EXERCISE DIRECTIONS. Look below for the lines from the one with "#187=ORIENTED_EDGE('',*,*,#186,.F.);" to the one with "#196=PLANE('',#195);", and copy exactly those lines, both ends included.
*** Opening EXERCISE INPUTS ***
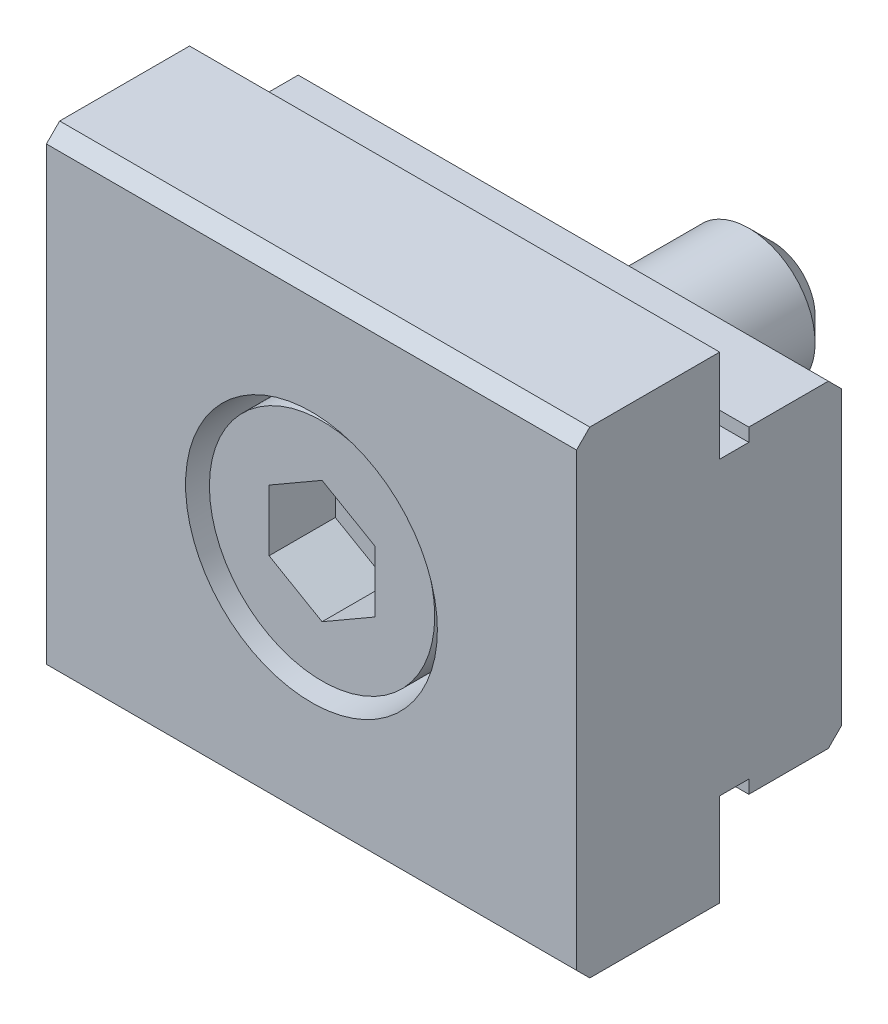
ISO-10303-21;
HEADER;
FILE_DESCRIPTION(('STEP AP214'),'2;1');
FILE_NAME('part.step','',(''),(''),'','','');
FILE_SCHEMA(('AUTOMOTIVE_DESIGN { 1 0 10303 214 1 1 1 1 }'));
ENDSEC;
DATA;
#1=APPLICATION_CONTEXT('core data for automotive mechanical design processes');
#2=APPLICATION_PROTOCOL_DEFINITION('international standard','automotive_design',2000,#1);
#3=PRODUCT_CONTEXT('',#1,'mechanical');
#4=PRODUCT('Part','Part','',(#3));
#5=PRODUCT_RELATED_PRODUCT_CATEGORY('part','',(#4));
#6=PRODUCT_DEFINITION_FORMATION('','',#4);
#7=PRODUCT_DEFINITION_CONTEXT('part definition',#1,'design');
#8=PRODUCT_DEFINITION('design','',#6,#7);
#9=PRODUCT_DEFINITION_SHAPE('','',#8);
#10=(LENGTH_UNIT() NAMED_UNIT(*) SI_UNIT(.MILLI.,.METRE.));
#11=(NAMED_UNIT(*) PLANE_ANGLE_UNIT() SI_UNIT($,.RADIAN.));
#12=(NAMED_UNIT(*) SI_UNIT($,.STERADIAN.) SOLID_ANGLE_UNIT());
#13=UNCERTAINTY_MEASURE_WITH_UNIT(LENGTH_MEASURE(1.E-05),#10,'distance_accuracy_value','');
#14=(GEOMETRIC_REPRESENTATION_CONTEXT(3) GLOBAL_UNCERTAINTY_ASSIGNED_CONTEXT((#13)) GLOBAL_UNIT_ASSIGNED_CONTEXT((#10,
#11,#12)) REPRESENTATION_CONTEXT('',''));
#15=CARTESIAN_POINT('',(0.,0.,0.));
#16=DIRECTION('',(0.,0.,1.));
#17=DIRECTION('',(1.,0.,0.));
#18=AXIS2_PLACEMENT_3D('',#15,#16,#17);
#19=CARTESIAN_POINT('',(-12.5,-6.,-1.1));
#20=DIRECTION('',(0.,0.,-1.));
#21=DIRECTION('',(-1.,0.,0.));
#22=AXIS2_PLACEMENT_3D('',#19,#20,#21);
#23=PLANE('',#22);
#24=DIRECTION('',(0.,1.,0.));
#25=VECTOR('',#24,1.);
#26=CARTESIAN_POINT('',(-10.,-6.,-1.1));
#27=LINE('',#26,#25);
#28=CARTESIAN_POINT('',(-10.,-6.,-1.1));
#29=VERTEX_POINT('',#28);
#30=CARTESIAN_POINT('',(-10.,-5.5,-1.1));
#31=VERTEX_POINT('',#30);
#32=EDGE_CURVE('E359',#29,#31,#27,.T.);
#33=ORIENTED_EDGE('',*,*,#32,.F.);
#34=DIRECTION('',(1.,0.,0.));
#35=VECTOR('',#34,1.);
#36=CARTESIAN_POINT('',(-12.5,-6.,-1.1));
#37=LINE('',#36,#35);
#38=CARTESIAN_POINT('',(10.,-6.,-1.1));
#39=VERTEX_POINT('',#38);
#40=EDGE_CURVE('E218',#29,#39,#37,.T.);
#41=ORIENTED_EDGE('',*,*,#40,.T.);
#42=DIRECTION('',(0.,-1.,0.));
#43=VECTOR('',#42,1.);
#44=CARTESIAN_POINT('',(10.,-6.,-1.1));
#45=LINE('',#44,#43);
#46=CARTESIAN_POINT('',(10.,-5.5,-1.1));
#47=VERTEX_POINT('',#46);
#48=EDGE_CURVE('E341',#47,#39,#45,.T.);
#49=ORIENTED_EDGE('',*,*,#48,.F.);
#50=DIRECTION('',(1.,0.,0.));
#51=VECTOR('',#50,1.);
#52=CARTESIAN_POINT('',(-12.5,-5.5,-1.1));
#53=LINE('',#52,#51);
#54=EDGE_CURVE('E215',#31,#47,#53,.T.);
#55=ORIENTED_EDGE('',*,*,#54,.F.);
#56=EDGE_LOOP('',(#33,#41,#49,#55));
#57=FACE_BOUND('',#56,.T.);
#58=ADVANCED_FACE('F14',(#57),#23,.F.);
#59=CARTESIAN_POINT('',(-12.5,-6.,-4.1));
#60=DIRECTION('',(0.,1.,0.));
#61=DIRECTION('',(1.,0.,0.));
#62=AXIS2_PLACEMENT_3D('',#59,#60,#61);
#63=PLANE('',#62);
#64=DIRECTION('',(0.,0.,1.));
#65=VECTOR('',#64,1.);
#66=CARTESIAN_POINT('',(-10.,-6.,-4.1));
#67=LINE('',#66,#65);
#68=CARTESIAN_POINT('',(-10.,-6.,-4.1));
#69=VERTEX_POINT('',#68);
#70=EDGE_CURVE('E357',#69,#29,#67,.T.);
#71=ORIENTED_EDGE('',*,*,#70,.F.);
#72=DIRECTION('',(1.,0.,0.));
#73=VECTOR('',#72,1.);
#74=CARTESIAN_POINT('',(-12.5,-6.,-4.1));
#75=LINE('',#74,#73);
#76=CARTESIAN_POINT('',(10.,-6.,-4.1));
#77=VERTEX_POINT('',#76);
#78=EDGE_CURVE('E221',#69,#77,#75,.T.);
#79=ORIENTED_EDGE('',*,*,#78,.T.);
#80=DIRECTION('',(0.,0.,-1.));
#81=VECTOR('',#80,1.);
#82=CARTESIAN_POINT('',(10.,-6.,-4.1));
#83=LINE('',#82,#81);
#84=EDGE_CURVE('E339',#39,#77,#83,.T.);
#85=ORIENTED_EDGE('',*,*,#84,.F.);
#86=ORIENTED_EDGE('',*,*,#40,.F.);
#87=EDGE_LOOP('',(#71,#79,#85,#86));
#88=FACE_BOUND('',#87,.T.);
#89=ADVANCED_FACE('F400',(#88),#63,.F.);
#90=CARTESIAN_POINT('',(-12.5,6.,-4.1));
#91=DIRECTION('',(0.,-1.,0.));
#92=DIRECTION('',(-1.,0.,0.));
#93=AXIS2_PLACEMENT_3D('',#90,#91,#92);
#94=PLANE('',#93);
#95=DIRECTION('',(0.,0.,-1.));
#96=VECTOR('',#95,1.);
#97=CARTESIAN_POINT('',(-10.,6.,-4.1));
#98=LINE('',#97,#96);
#99=CARTESIAN_POINT('',(-10.,6.,-1.1));
#100=VERTEX_POINT('',#99);
#101=CARTESIAN_POINT('',(-10.,6.,-4.1));
#102=VERTEX_POINT('',#101);
#103=EDGE_CURVE('E24',#100,#102,#98,.T.);
#104=ORIENTED_EDGE('',*,*,#103,.F.);
#105=DIRECTION('',(1.,0.,0.));
#106=VECTOR('',#105,1.);
#107=CARTESIAN_POINT('',(-12.5,6.,-1.1));
#108=LINE('',#107,#106);
#109=CARTESIAN_POINT('',(10.,6.,-1.1));
#110=VERTEX_POINT('',#109);
#111=EDGE_CURVE('E188',#100,#110,#108,.T.);
#112=ORIENTED_EDGE('',*,*,#111,.T.);
#113=DIRECTION('',(0.,0.,1.));
#114=VECTOR('',#113,1.);
#115=CARTESIAN_POINT('',(10.,6.,-4.1));
#116=LINE('',#115,#114);
#117=CARTESIAN_POINT('',(10.,6.,-4.1));
#118=VERTEX_POINT('',#117);
#119=EDGE_CURVE('E191',#118,#110,#116,.T.);
#120=ORIENTED_EDGE('',*,*,#119,.F.);
#121=DIRECTION('',(1.,0.,0.));
#122=VECTOR('',#121,1.);
#123=CARTESIAN_POINT('',(-12.5,6.,-4.1));
#124=LINE('',#123,#122);
#125=EDGE_CURVE('E190',#102,#118,#124,.T.);
#126=ORIENTED_EDGE('',*,*,#125,.F.);
#127=EDGE_LOOP('',(#104,#112,#120,#126));
#128=FACE_BOUND('',#127,.T.);
#129=ADVANCED_FACE('F186',(#128),#94,.F.);
#130=CARTESIAN_POINT('',(-12.5,6.,-1.1));
#131=DIRECTION('',(0.,0.,-1.));
#132=DIRECTION('',(-1.,0.,0.));
#133=AXIS2_PLACEMENT_3D('',#130,#131,#132);
#134=PLANE('',#133);
#135=DIRECTION('',(0.,1.,0.));
#136=VECTOR('',#135,1.);
#137=CARTESIAN_POINT('',(-10.,6.,-1.1));
#138=LINE('',#137,#136);
#139=CARTESIAN_POINT('',(-10.,5.5,-1.1));
#140=VERTEX_POINT('',#139);
#141=EDGE_CURVE('E171',#140,#100,#138,.T.);
#142=ORIENTED_EDGE('',*,*,#141,.F.);
#143=DIRECTION('',(1.,0.,0.));
#144=VECTOR('',#143,1.);
#145=CARTESIAN_POINT('',(-12.5,5.5,-1.1));
#146=LINE('',#145,#144);
#147=CARTESIAN_POINT('',(10.,5.5,-1.1));
#148=VERTEX_POINT('',#147);
#149=EDGE_CURVE('E196',#140,#148,#146,.T.);
#150=ORIENTED_EDGE('',*,*,#149,.T.);
#151=DIRECTION('',(0.,-1.,0.));
#152=VECTOR('',#151,1.);
#153=CARTESIAN_POINT('',(10.,6.,-1.1));
#154=LINE('',#153,#152);
#155=EDGE_CURVE('E195',#110,#148,#154,.T.);
#156=ORIENTED_EDGE('',*,*,#155,.F.);
#157=ORIENTED_EDGE('',*,*,#111,.F.);
#158=EDGE_LOOP('',(#142,#150,#156,#157));
#159=FACE_BOUND('',#158,.T.);
#160=ADVANCED_FACE('F194',(#159),#134,.F.);
#161=CARTESIAN_POINT('',(-12.5,5.5,-1.1));
#162=DIRECTION('',(0.,-1.,0.));
#163=DIRECTION('',(-1.,0.,0.));
#164=AXIS2_PLACEMENT_3D('',#161,#162,#163);
#165=PLANE('',#164);
#166=DIRECTION('',(0.,0.,-1.));
#167=VECTOR('',#166,1.);
#168=CARTESIAN_POINT('',(-10.,5.5,-1.1));
#169=LINE('',#168,#167);
#170=CARTESIAN_POINT('',(-10.,5.5,0.));
#171=VERTEX_POINT('',#170);
#172=EDGE_CURVE('E176',#171,#140,#169,.T.);
#173=ORIENTED_EDGE('',*,*,#172,.F.);
#174=DIRECTION('',(-1.,0.,0.));
#175=VECTOR('',#174,1.);
#176=CARTESIAN_POINT('',(10.,5.5,0.));
#177=LINE('',#176,#175);
#178=CARTESIAN_POINT('',(10.,5.5,0.));
#179=VERTEX_POINT('',#178);
#180=EDGE_CURVE('E310',#179,#171,#177,.T.);
#181=ORIENTED_EDGE('',*,*,#180,.F.);
#182=DIRECTION('',(0.,0.,1.));
#183=VECTOR('',#182,1.);
#184=CARTESIAN_POINT('',(10.,5.5,-1.1));
#185=LINE('',#184,#183);
#186=EDGE_CURVE('E331',#148,#179,#185,.T.);
#187=ORIENTED_EDGE('',*,*,#186,.F.);
#188=ORIENTED_EDGE('',*,*,#149,.F.);
#189=EDGE_LOOP('',(#173,#181,#187,#188));
#190=FACE_BOUND('',#189,.T.);
#191=ADVANCED_FACE('F671',(#190),#165,.F.);
#192=CARTESIAN_POINT('',(-10.,5.5,0.));
#193=DIRECTION('',(0.,0.,-1.));
#194=DIRECTION('',(-1.,0.,0.));
#195=AXIS2_PLACEMENT_3D('',#192,#193,#194);
#196=PLANE('',#195);
#197=ORIENTED_EDGE('',*,*,#180,.T.);
#198=DIRECTION('',(0.,1.,0.));
#199=VECTOR('',#198,1.);
#200=CARTESIAN_POINT('',(-10.,5.5,0.));
#201=LINE('',#200,#199);
#202=CARTESIAN_POINT('',(-10.,9.,0.));
#203=VERTEX_POINT('',#202);
#204=EDGE_CURVE('E313',#171,#203,#201,.T.);
#205=ORIENTED_EDGE('',*,*,#204,.T.);
#206=DIRECTION('',(1.,0.,0.));
#207=VECTOR('',#206,1.);
#208=CARTESIAN_POINT('',(-10.,9.,0.));
#209=LINE('',#208,#207);
#210=CARTESIAN_POINT('',(10.,9.,0.));
#211=VERTEX_POINT('',#210);
#212=EDGE_CURVE('E315',#203,#211,#209,.T.);
#213=ORIENTED_EDGE('',*,*,#212,.T.);
#214=DIRECTION('',(0.,-1.,0.));
#215=VECTOR('',#214,1.);
#216=CARTESIAN_POINT('',(10.,9.,0.));
#217=LINE('',#216,#215);
#218=EDGE_CURVE('E317',#211,#179,#217,.T.);
#219=ORIENTED_EDGE('',*,*,#218,.T.);
#220=EDGE_LOOP('',(#197,#205,#213,#219));
#221=FACE_BOUND('',#220,.T.);
#222=ADVANCED_FACE('F661',(#221),#196,.T.);
#223=CARTESIAN_POINT('',(-12.5,9.,-0.1));
#224=DIRECTION('',(0.,-1.,0.));
#225=DIRECTION('',(-1.,0.,0.));
#226=AXIS2_PLACEMENT_3D('',#223,#224,#225);
#227=PLANE('',#226);
#228=ORIENTED_EDGE('',*,*,#212,.F.);
#229=DIRECTION('',(0.,0.,1.));
#230=VECTOR('',#229,1.);
#231=CARTESIAN_POINT('',(-10.,9.,-14.6));
#232=LINE('',#231,#230);
#233=CARTESIAN_POINT('',(-10.,9.,4.9));
#234=VERTEX_POINT('',#233);
#235=EDGE_CURVE('E320',#203,#234,#232,.T.);
#236=ORIENTED_EDGE('',*,*,#235,.T.);
#237=DIRECTION('',(1.,0.,0.));
#238=VECTOR('',#237,1.);
#239=CARTESIAN_POINT('',(-12.5,9.,4.9));
#240=LINE('',#239,#238);
#241=CARTESIAN_POINT('',(10.,9.,4.9));
#242=VERTEX_POINT('',#241);
#243=EDGE_CURVE('E198',#234,#242,#240,.T.);
#244=ORIENTED_EDGE('',*,*,#243,.T.);
#245=DIRECTION('',(0.,0.,-1.));
#246=VECTOR('',#245,1.);
#247=CARTESIAN_POINT('',(10.,9.,-14.6));
#248=LINE('',#247,#246);
#249=EDGE_CURVE('E322',#242,#211,#248,.T.);
#250=ORIENTED_EDGE('',*,*,#249,.T.);
#251=EDGE_LOOP('',(#228,#236,#244,#250));
#252=FACE_BOUND('',#251,.T.);
#253=ADVANCED_FACE('F651',(#252),#227,.F.);
#254=CARTESIAN_POINT('',(-12.5,9.,4.9));
#255=DIRECTION('',(0.,-0.707106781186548,-0.707106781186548));
#256=DIRECTION('',(0.,-0.707106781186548,0.707106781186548));
#257=AXIS2_PLACEMENT_3D('',#254,#255,#256);
#258=PLANE('',#257);
#259=DIRECTION('',(0.,0.707106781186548,-0.707106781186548));
#260=VECTOR('',#259,1.);
#261=CARTESIAN_POINT('',(-10.,9.,4.9));
#262=LINE('',#261,#260);
#263=CARTESIAN_POINT('',(-10.,8.5,5.4));
#264=VERTEX_POINT('',#263);
#265=EDGE_CURVE('E362',#264,#234,#262,.T.);
#266=ORIENTED_EDGE('',*,*,#265,.F.);
#267=DIRECTION('',(1.,0.,0.));
#268=VECTOR('',#267,1.);
#269=CARTESIAN_POINT('',(-12.5,8.5,5.4));
#270=LINE('',#269,#268);
#271=CARTESIAN_POINT('',(10.,8.5,5.4));
#272=VERTEX_POINT('',#271);
#273=EDGE_CURVE('E206',#264,#272,#270,.T.);
#274=ORIENTED_EDGE('',*,*,#273,.T.);
#275=DIRECTION('',(0.,-0.707106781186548,0.707106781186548));
#276=VECTOR('',#275,1.);
#277=CARTESIAN_POINT('',(10.,9.,4.9));
#278=LINE('',#277,#276);
#279=EDGE_CURVE('E345',#242,#272,#278,.T.);
#280=ORIENTED_EDGE('',*,*,#279,.F.);
#281=ORIENTED_EDGE('',*,*,#243,.F.);
#282=EDGE_LOOP('',(#266,#274,#280,#281));
#283=FACE_BOUND('',#282,.T.);
#284=ADVANCED_FACE('F641',(#283),#258,.F.);
#285=CARTESIAN_POINT('',(-12.5,8.5,5.4));
#286=DIRECTION('',(0.,0.,-1.));
#287=DIRECTION('',(-1.,0.,0.));
#288=AXIS2_PLACEMENT_3D('',#285,#286,#287);
#289=PLANE('',#288);
#290=CARTESIAN_POINT('',(0.,0.,5.4));
#291=DIRECTION('',(0.,0.,1.));
#292=DIRECTION('',(1.,0.,0.));
#293=AXIS2_PLACEMENT_3D('',#290,#291,#292);
#294=CIRCLE('',#293,4.75);
#295=CARTESIAN_POINT('',(4.75,0.,5.4));
#296=VERTEX_POINT('',#295);
#297=EDGE_CURVE('E299',#296,#296,#294,.T.);
#298=ORIENTED_EDGE('',*,*,#297,.F.);
#299=EDGE_LOOP('',(#298));
#300=FACE_BOUND('',#299,.T.);
#301=DIRECTION('',(0.,1.,0.));
#302=VECTOR('',#301,1.);
#303=CARTESIAN_POINT('',(-10.,8.5,5.4));
#304=LINE('',#303,#302);
#305=CARTESIAN_POINT('',(-10.,-8.5,5.4));
#306=VERTEX_POINT('',#305);
#307=EDGE_CURVE('E365',#306,#264,#304,.T.);
#308=ORIENTED_EDGE('',*,*,#307,.F.);
#309=DIRECTION('',(1.,0.,0.));
#310=VECTOR('',#309,1.);
#311=CARTESIAN_POINT('',(-12.5,-8.5,5.4));
#312=LINE('',#311,#310);
#313=CARTESIAN_POINT('',(10.,-8.5,5.4));
#314=VERTEX_POINT('',#313);
#315=EDGE_CURVE('E209',#306,#314,#312,.T.);
#316=ORIENTED_EDGE('',*,*,#315,.T.);
#317=DIRECTION('',(0.,-1.,0.));
#318=VECTOR('',#317,1.);
#319=CARTESIAN_POINT('',(10.,8.5,5.4));
#320=LINE('',#319,#318);
#321=EDGE_CURVE('E347',#272,#314,#320,.T.);
#322=ORIENTED_EDGE('',*,*,#321,.F.);
#323=ORIENTED_EDGE('',*,*,#273,.F.);
#324=EDGE_LOOP('',(#308,#316,#322,#323));
#325=FACE_BOUND('',#324,.T.);
#326=ADVANCED_FACE('F375',(#300,#325),#289,.F.);
#327=CARTESIAN_POINT('',(0.,0.,5.4));
#328=DIRECTION('',(0.,0.,1.));
#329=DIRECTION('',(1.,0.,0.));
#330=AXIS2_PLACEMENT_3D('',#327,#328,#329);
#331=CYLINDRICAL_SURFACE('',#330,4.75);
#332=CARTESIAN_POINT('',(0.,0.,0.));
#333=DIRECTION('',(0.,0.,1.));
#334=DIRECTION('',(1.,0.,0.));
#335=AXIS2_PLACEMENT_3D('',#332,#333,#334);
#336=CIRCLE('',#335,4.75);
#337=CARTESIAN_POINT('',(4.75,0.,0.));
#338=VERTEX_POINT('',#337);
#339=EDGE_CURVE('E294',#338,#338,#336,.T.);
#340=ORIENTED_EDGE('',*,*,#339,.F.);
#341=EDGE_LOOP('',(#340));
#342=FACE_BOUND('',#341,.T.);
#343=ORIENTED_EDGE('',*,*,#297,.T.);
#344=EDGE_LOOP('',(#343));
#345=FACE_BOUND('',#344,.T.);
#346=ADVANCED_FACE('F622',(#342,#345),#331,.F.);
#347=CARTESIAN_POINT('',(-2.75,0.,0.));
#348=DIRECTION('',(0.,0.,-1.));
#349=DIRECTION('',(-1.,0.,0.));
#350=AXIS2_PLACEMENT_3D('',#347,#348,#349);
#351=PLANE('',#350);
#352=CARTESIAN_POINT('',(0.,0.,0.));
#353=DIRECTION('',(0.,0.,-1.));
#354=DIRECTION('',(-1.,0.,0.));
#355=AXIS2_PLACEMENT_3D('',#352,#353,#354);
#356=CIRCLE('',#355,4.25);
#357=CARTESIAN_POINT('',(-4.25,0.,0.));
#358=VERTEX_POINT('',#357);
#359=EDGE_CURVE('E9',#358,#358,#356,.T.);
#360=ORIENTED_EDGE('',*,*,#359,.T.);
#361=EDGE_LOOP('',(#360));
#362=FACE_BOUND('',#361,.T.);
#363=ORIENTED_EDGE('',*,*,#339,.T.);
#364=EDGE_LOOP('',(#363));
#365=FACE_BOUND('',#364,.T.);
#366=ADVANCED_FACE('F396',(#362,#365),#351,.F.);
#367=CARTESIAN_POINT('',(-12.5,-9.,4.9));
#368=DIRECTION('',(0.,0.707106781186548,-0.707106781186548));
#369=DIRECTION('',(0.,-0.707106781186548,-0.707106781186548));
#370=AXIS2_PLACEMENT_3D('',#367,#368,#369);
#371=PLANE('',#370);
#372=DIRECTION('',(0.,0.707106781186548,0.707106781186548));
#373=VECTOR('',#372,1.);
#374=CARTESIAN_POINT('',(-10.,-9.,4.9));
#375=LINE('',#374,#373);
#376=CARTESIAN_POINT('',(-10.,-9.,4.9));
#377=VERTEX_POINT('',#376);
#378=EDGE_CURVE('E200',#377,#306,#375,.T.);
#379=ORIENTED_EDGE('',*,*,#378,.F.);
#380=DIRECTION('',(1.,0.,0.));
#381=VECTOR('',#380,1.);
#382=CARTESIAN_POINT('',(-12.5,-9.,4.9));
#383=LINE('',#382,#381);
#384=CARTESIAN_POINT('',(10.,-9.,4.9));
#385=VERTEX_POINT('',#384);
#386=EDGE_CURVE('E212',#377,#385,#383,.T.);
#387=ORIENTED_EDGE('',*,*,#386,.T.);
#388=DIRECTION('',(0.,-0.707106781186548,-0.707106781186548));
#389=VECTOR('',#388,1.);
#390=CARTESIAN_POINT('',(10.,-9.,4.9));
#391=LINE('',#390,#389);
#392=EDGE_CURVE('E181',#314,#385,#391,.T.);
#393=ORIENTED_EDGE('',*,*,#392,.F.);
#394=ORIENTED_EDGE('',*,*,#315,.F.);
#395=EDGE_LOOP('',(#379,#387,#393,#394));
#396=FACE_BOUND('',#395,.T.);
#397=ADVANCED_FACE('F378',(#396),#371,.F.);
#398=CARTESIAN_POINT('',(-12.5,-9.,-0.1));
#399=DIRECTION('',(0.,1.,0.));
#400=DIRECTION('',(1.,0.,0.));
#401=AXIS2_PLACEMENT_3D('',#398,#399,#400);
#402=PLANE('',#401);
*** Closing EXERCISE INPUTS ***
RESPONSE TO THIS EXERCISE.
#187=ORIENTED_EDGE('',*,*,#186,.F.);
#188=ORIENTED_EDGE('',*,*,#149,.F.);
#189=EDGE_LOOP('',(#173,#181,#187,#188));
#190=FACE_BOUND('',#189,.T.);
#191=ADVANCED_FACE('F671',(#190),#165,.F.);
#192=CARTESIAN_POINT('',(-10.,5.5,0.));
#193=DIRECTION('',(0.,0.,-1.));
#194=DIRECTION('',(-1.,0.,0.));
#195=AXIS2_PLACEMENT_3D('',#192,#193,#194);
#196=PLANE('',#195);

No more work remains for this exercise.